扉の前に立つと、ヤギは春風の顔を見ることなく話し始めた。


「ここは課長室です。中には……権能執行課長がいます。課長は、大精霊コウリュウ様の水の権能を執行する権限を与えられています。その権限を使えば、世界を水で満たすことも海を干上がらせることも出来る。つまり……とても大きな力を持っている方であるということです」


 春風の気持ちを正直に吐露するなら、「勘弁してほしい」といったところだ。

 転職して初めての出勤で緊張しているところに、不安を煽られ、いやが上にも緊張が増す。

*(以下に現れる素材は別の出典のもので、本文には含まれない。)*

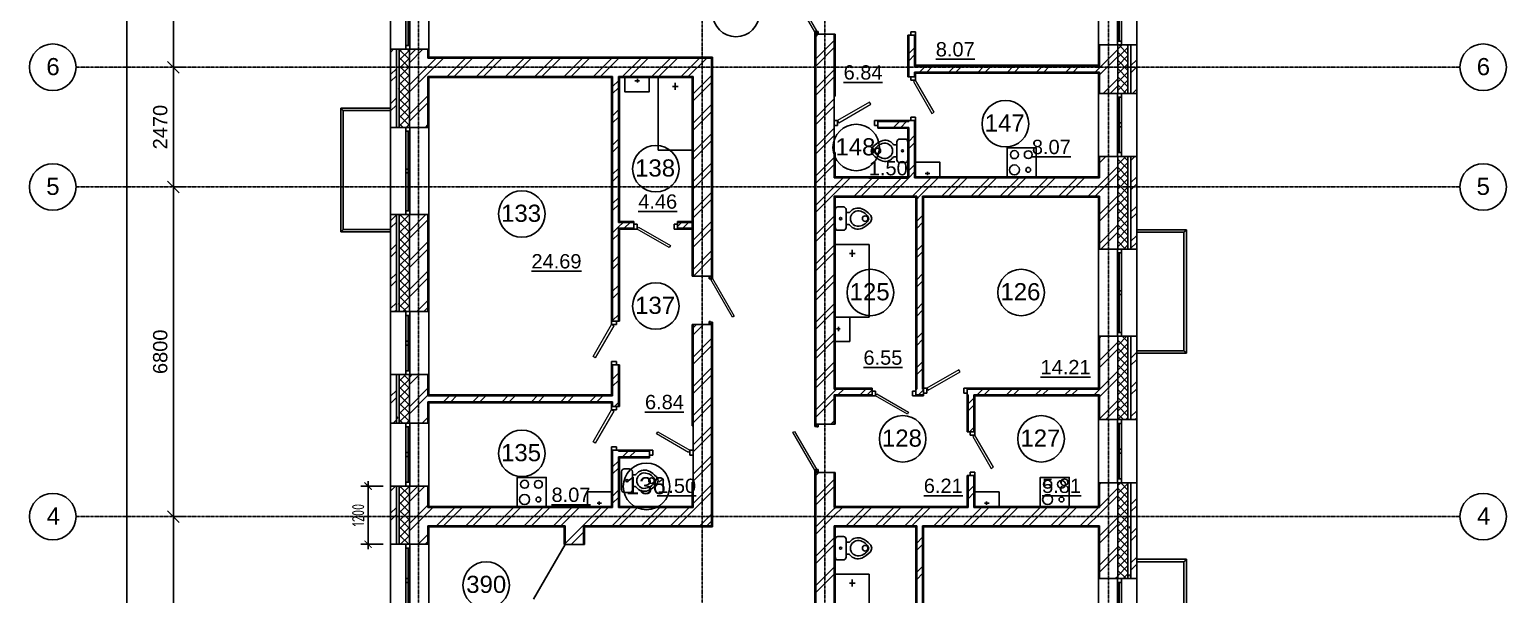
# Model space of a CAD drawing. Header units: millimetres. Extents: x -3463 to 813393, y -106315 to 159215.
# Drawn here: x 174326 to 204788, y 20796 to 32450 of the extents above; entities that cross this region are included whole.
import ezdxf

# ---------------------------------------------------------------- set-up
doc = ezdxf.new("R2010")
doc.units = ezdxf.units.MM
doc.linetypes.add('Линия сетки', pattern=[22.225, 12.7, -3.175, 3.175, -3.175])
doc.layers.add('AXIS_', color=252, linetype='Continuous')
doc.layers.add('PLANS_', color=252, linetype='Continuous')
doc.styles.add('Arch-Dim', font='complex.shx', dxfattribs={"width": 0.7})
doc.styles.add('arial', font='arial.ttf')
doc.styles.add('Arial_1', font='arial.ttf', dxfattribs={"height": 295.05988})

# ---------------------------------------------------------------- blocks, each defined once
blk = doc.blocks.new('_Oblique')
at = {"color": 0, "linetype": 'ByBlock', "lineweight": -2}
blk.add_line((-0.5, -0.5), (0.5, 0.5), dxfattribs=at)
blk = doc.blocks.new('_ArchTick')
at = {"color": 0, "linetype": 'ByBlock', "const_width": 0.15}
blk.add_lwpolyline([(-0.5, -0.5), (0.5, 0.5)], dxfattribs=at)
blk = doc.blocks.new('A$Cd9ce3b92')
at = {"layer": 'AXIS_', "linetype": 'Линия сетки'}
for p, q in [((-6829, -44949), (-6829, 40039)), ((-979, -44949), (-979, 40039)), ((1551, -44949), (1551, 40039)), ((7401, -44949), (7401, 40039)), ((14647, -12726), (-13895, -12726)), ((14647, -15196), (-13895, -15196)), ((14647, -21996), (-13895, -21996))]:
    blk.add_line(p, q, dxfattribs=at)
at = {"layer": 'AXIS_'}
for p, q in [((-12848, -41636), (-12848, 38784)), ((-11888, -12966), (-11888, -5686)), ((-11888, -15436), (-11888, -12486)), ((-11817, -12726), (-11648, -12726)), ((-11817, -12726), (-11648, -12726)), ((-11888, -22236), (-11888, -14956)), ((-11817, -15196), (-11648, -15196)), ((-11817, -15196), (-11648, -15196)), ((-11888, -28736), (-11888, -21756)), ((-11817, -21996), (-11648, -21996)), ((-11817, -21996), (-11648, -21996))]:
    blk.add_line(p, q, dxfattribs=at)
for centre in [(-14375, -12726), (15127, -12726), (-14375, -15196), (15127, -15196), (-14375, -21996), (15127, -21996)]:
    blk.add_circle(centre, 480, dxfattribs=at)
at = {"layer": 'PLANS_'}
for p, q in [((-7409, -12356), (-7409, -11056)), ((-7044, -11136), (-7044, -12276)), ((-7014, -12276), (-7014, -11136)), ((-6619, -11056), (-6619, -12356)), ((7191, -12266), (7191, -10966)), ((7586, -11046), (7586, -12186)), ((7616, -12186), (7616, -11046)), ((7981, -10966), (7981, -12266)), ((-7094, -12276), (-7094, -11746)), ((7666, -11656), (7666, -12186)), ((1341, -11996), (1381, -11996)), ((1341, -12026), (1341, -11996)), ((1411, -12026), (1341, -12026)), ((1341, -12026), (1411, -12026)), ((1341, -12046), (1341, -12026)), ((1411, -12046), (1341, -12046)), ((1361, -12046), (1361, -20086)), ((1381, -11986), (1411, -11986)), ((1381, -11996), (1381, -11986)), ((1411, -11986), (1411, -12026)), ((1411, -12026), (1411, -12046)), ((1741, -12046), (1741, -13326)), ((3281, -12926), (3281, -12066)), ((3421, -11996), (3321, -11996)), ((3321, -11996), (3321, -12066)), ((3321, -12066), (3421, -12066)), ((3401, -12706), (3401, -12066)), ((3421, -12066), (3421, -11996)), ((-7289, -12356), (-7289, -13966)), ((-7229, -12356), (-7229, -13966)), ((-7014, -12276), (-7094, -12276)), ((-7094, -12276), (-7094, -12356)), ((-7094, -12356), (-7014, -12356)), ((-7044, -12276), (-7014, -12276)), ((-7019, -12356), (-7019, -13966)), ((-7014, -12356), (-7014, -12276)), ((-6639, -12356), (-6639, -12536)), ((7211, -12266), (7211, -12706)), ((7586, -12186), (7616, -12186)), ((7586, -12186), (7586, -12266)), ((7666, -12186), (7586, -12186)), ((7586, -12266), (7666, -12266)), ((7591, -12266), (7591, -13266)), ((7666, -12266), (7666, -12186)), ((7801, -12266), (7801, -13266)), ((7861, -12266), (7861, -13266)), ((-789, -12536), (-6639, -12536)), ((-6619, -12516), (-6619, -12536)), ((-789, -12536), (-789, -17033)), ((7211, -12706), (3401, -12706)), ((7191, -12706), (7191, -12686)), ((-6639, -12916), (-6639, -13966)), ((-2829, -12916), (-6639, -12916)), ((-6619, -12916), (-6619, -12936)), ((-2829, -12916), (-2829, -17966)), ((-2709, -12916), (-2709, -15926)), ((-1169, -12916), (-2709, -12916)), ((-1169, -12916), (-1169, -17033)), ((3421, -12926), (3321, -12926)), ((3321, -12926), (3321, -12996)), ((3321, -12996), (3421, -12996)), ((3401, -12926), (3401, -12826)), ((7211, -12826), (3401, -12826)), ((3421, -12996), (3421, -12926)), ((7191, -12846), (7191, -12826)), ((7211, -12826), (7211, -13266)), ((7191, -14566), (7191, -13266)), ((7586, -13266), (7586, -13346)), ((7666, -13266), (7586, -13266)), ((7586, -13346), (7586, -14486)), ((7616, -13346), (7586, -13346)), ((7586, -13346), (7666, -13346)), ((7616, -14486), (7616, -13346)), ((7666, -13346), (7666, -13266)), ((7666, -13346), (7666, -13876)), ((7981, -13266), (7981, -14566)), ((-7409, -13571), (-8434, -13571)), ((-8434, -13571), (-8434, -16121)), ((-8384, -13621), (-7409, -13621)), ((-8384, -16071), (-8384, -13621)), ((-7409, -15766), (-7409, -13966)), ((-7014, -13966), (-7094, -13966)), ((-7094, -13966), (-7094, -14046)), ((-7014, -14046), (-7014, -13966)), ((-6619, -13966), (-6619, -15766)), ((1811, -13826), (1741, -13826)), ((1741, -13826), (1741, -13926)), ((1741, -13926), (1811, -13926)), ((1811, -13926), (1811, -13826)), ((2571, -13826), (2571, -13926)), ((2641, -13826), (2571, -13826)), ((2571, -13926), (2641, -13926)), ((2641, -13926), (2641, -13826)), ((2641, -13846), (3281, -13846)), ((2641, -13966), (3281, -13966)), ((3281, -13846), (3281, -13826)), ((3281, -15006), (3281, -13966)), ((3421, -13756), (3321, -13756)), ((3321, -13756), (3321, -13826)), ((3321, -13826), (3421, -13826)), ((3401, -15006), (3401, -13826)), ((3421, -13826), (3421, -13756)), ((7586, -13876), (7586, -13956)), ((7666, -13876), (7586, -13876)), ((7586, -13956), (7666, -13956)), ((7666, -13956), (7666, -13876)), ((7666, -13956), (7666, -14486)), ((-7094, -14046), (-7014, -14046)), ((-7094, -14826), (-7094, -14046)), ((-7014, -14046), (-7044, -14046)), ((-7044, -14046), (-7044, -15686)), ((-7014, -15686), (-7014, -14046)), ((1741, -14486), (1741, -15006)), ((7211, -14566), (7211, -15006)), ((7586, -14486), (7616, -14486)), ((7586, -14486), (7586, -14566)), ((7666, -14486), (7586, -14486)), ((7586, -14566), (7666, -14566)), ((7591, -14566), (7591, -16476)), ((7666, -14566), (7666, -14486)), ((7801, -14566), (7801, -16476)), ((7861, -14566), (7861, -16476)), ((-7014, -14826), (-7094, -14826)), ((-7094, -14826), (-7094, -14906)), ((-7094, -14906), (-7014, -14906)), ((-7094, -15686), (-7094, -14906)), ((-7014, -14906), (-7014, -14826)), ((1741, -15006), (3281, -15006)), ((3401, -15006), (7211, -15006)), ((7191, -15006), (7191, -14986)), ((1741, -15386), (1741, -19366)), ((1741, -15386), (3444, -15386)), ((3444, -15386), (3444, -19366)), ((3564, -15386), (3564, -19366)), ((3564, -15386), (7211, -15386)), ((7191, -15406), (7191, -15386)), ((7211, -15386), (7211, -16476)), ((-7289, -15766), (-7289, -17766)), ((-7229, -15766), (-7229, -17766)), ((-7014, -15686), (-7094, -15686)), ((-7094, -15686), (-7094, -15766)), ((-7094, -15766), (-7014, -15766)), ((-7044, -15686), (-7014, -15686)), ((-7019, -15766), (-7019, -17766)), ((-7014, -15766), (-7014, -15686)), ((-6639, -15766), (-6639, -17766)), ((-8434, -16121), (-7409, -16121)), ((-7409, -16071), (-8384, -16071)), ((-2389, -15926), (-2709, -15926)), ((-2709, -17966), (-2709, -16046)), ((-2389, -16046), (-2709, -16046)), ((-2389, -15966), (-2319, -15966)), ((-2389, -16066), (-2389, -15966)), ((-2319, -16066), (-2389, -16066)), ((-2319, -15966), (-2319, -16066)), ((-1559, -15966), (-1489, -15966)), ((-1559, -16066), (-1559, -15966)), ((-1489, -16066), (-1559, -16066)), ((-1189, -15926), (-1489, -15926)), ((-1489, -15966), (-1489, -16066)), ((-1189, -16046), (-1489, -16046)), ((9006, -16077), (7981, -16077)), ((7981, -16127), (8956, -16127)), ((8956, -16127), (8956, -18577)), ((9006, -18627), (9006, -16077)), ((7191, -18276), (7191, -16476)), ((7586, -16476), (7586, -16556)), ((7666, -16476), (7586, -16476)), ((7586, -16556), (7586, -18196)), ((7616, -16556), (7586, -16556)), ((7586, -16556), (7666, -16556)), ((7616, -18196), (7616, -16556)), ((7666, -16556), (7666, -16476)), ((7666, -16556), (7666, -17336)), ((7981, -16476), (7981, -18276)), ((-839, -17033), (-769, -17033)), ((-839, -17053), (-839, -17033)), ((-839, -17093), (-839, -17053)), ((-839, -17053), (-769, -17053)), ((-769, -17053), (-839, -17053)), ((-769, -17033), (-769, -17053)), ((-769, -17053), (-769, -17083)), ((-809, -17093), (-839, -17093)), ((-809, -17083), (-809, -17093)), ((-769, -17083), (-809, -17083)), ((7586, -17336), (7586, -17416)), ((7666, -17336), (7586, -17336)), ((7666, -17416), (7666, -17336)), ((7586, -17416), (7666, -17416)), ((7666, -17416), (7666, -18196)), ((-7409, -19066), (-7409, -17766)), ((-7014, -17766), (-7094, -17766)), ((-7094, -17766), (-7094, -17846)), ((-7094, -17846), (-7014, -17846)), ((-7094, -18376), (-7094, -17846)), ((-7014, -17846), (-7044, -17846)), ((-7044, -17846), (-7044, -18986)), ((-7014, -17846), (-7014, -17766)), ((-7014, -18986), (-7014, -17846)), ((-6619, -17766), (-6619, -19066)), ((-2849, -17966), (-2749, -17966)), ((-2849, -18036), (-2849, -17966)), ((-2749, -17966), (-2749, -18036)), ((-2749, -18036), (-2849, -18036)), ((-1169, -18033), (-1169, -20126)), ((-839, -17973), (-809, -17973)), ((-839, -18013), (-839, -17973)), ((-769, -18013), (-839, -18013)), ((-839, -18033), (-839, -18013)), ((-839, -18013), (-769, -18013)), ((-769, -18033), (-839, -18033)), ((-809, -17973), (-809, -17983)), ((-809, -17983), (-769, -17983)), ((-789, -18033), (-789, -22186)), ((-769, -17983), (-769, -18013)), ((-769, -18013), (-769, -18033)), ((7211, -18276), (7211, -19366)), ((7586, -18196), (7616, -18196)), ((7586, -18196), (7586, -18276)), ((7666, -18196), (7586, -18196)), ((7586, -18276), (7666, -18276)), ((7591, -18276), (7591, -19996)), ((7666, -18276), (7666, -18196)), ((7801, -18276), (7801, -19996)), ((7861, -18276), (7861, -19996)), ((-7014, -18376), (-7094, -18376)), ((-7094, -18376), (-7094, -18456)), ((-7094, -18456), (-7014, -18456)), ((-7094, -18986), (-7094, -18456)), ((-7014, -18456), (-7014, -18376)), ((8956, -18577), (7981, -18577)), ((-2849, -18866), (-2849, -18796)), ((-2849, -18796), (-2749, -18796)), ((-2749, -18866), (-2849, -18866)), ((-2829, -19506), (-2829, -18866)), ((-2749, -18796), (-2749, -18866)), ((-2709, -19726), (-2709, -18866)), ((7981, -18627), (9006, -18627)), ((-7289, -19066), (-7289, -20066)), ((-7229, -19066), (-7229, -20066)), ((-7014, -18986), (-7094, -18986)), ((-7094, -18986), (-7094, -19066)), ((-7094, -19066), (-7014, -19066)), ((-7044, -18986), (-7014, -18986)), ((-7019, -19066), (-7019, -20066)), ((-7014, -19066), (-7014, -18986)), ((-6639, -19066), (-6639, -19506)), ((-6619, -19486), (-6619, -19506)), ((2524, -19366), (1741, -19366)), ((1741, -19486), (1741, -20086)), ((2524, -19486), (1741, -19486)), ((2524, -19406), (2594, -19406)), ((2524, -19506), (2524, -19406)), ((2594, -19406), (2594, -19506)), ((3354, -19406), (3424, -19406)), ((3354, -19506), (3354, -19406)), ((3444, -19366), (3424, -19366)), ((3424, -19406), (3424, -19506)), ((3584, -19486), (3424, -19486)), ((3584, -19366), (3564, -19366)), ((3654, -19346), (3584, -19346)), ((3584, -19346), (3584, -19446)), ((3584, -19446), (3654, -19446)), ((3654, -19446), (3654, -19346)), ((4414, -19346), (4414, -19446)), ((4484, -19346), (4414, -19346)), ((4414, -19446), (4484, -19446)), ((4484, -19446), (4484, -19346)), ((7211, -19366), (4484, -19366)), ((4504, -19486), (4484, -19486)), ((4504, -20246), (4504, -19486)), ((7211, -19486), (4624, -19486)), ((4624, -20246), (4624, -19486)), ((7191, -19366), (7191, -19346)), ((7191, -19506), (7191, -19486)), ((7211, -19486), (7211, -19996)), ((-6639, -19506), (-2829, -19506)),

「……けれど、厳しくもお優しい方です。粗相の無いように」


 ヤギが扉をノックすると、重く硬い音が響いた。

「課長閣下、第三係のヤギです。失礼いたします」

 その重々しさに反して、扉は音を立てずに滑らかに開いた。


 室内は、扉から想像していたとおり、広く豪奢だった。

 50㎡はありそうな広さに、10メートル近い天井の高さ。応接セットの革張りのソファは、象が座れそうなサイズだ。部屋中にお香のような良いにおいが漂っているし、観葉植物はまるでハワイを思わせるし、チョコレート屋かというくらいシックな茶色と黒が多用されているし、書斎机はゴッドファーザーのようだ。


 そして、書斎机に部屋の主と思われる影があった。

 明らかに人ではないと分かる。

 頭部に水牛のような大きな角が生えている。

 この世界では珍しい短い黒髪が特徴的で、両手には同じ色の長い爪が生えている。髪色に対比するかのように、肌は白磁のように白く透き通っている。剣呑ささえ感じさせる鋭い三白眼が、春風に向けられている。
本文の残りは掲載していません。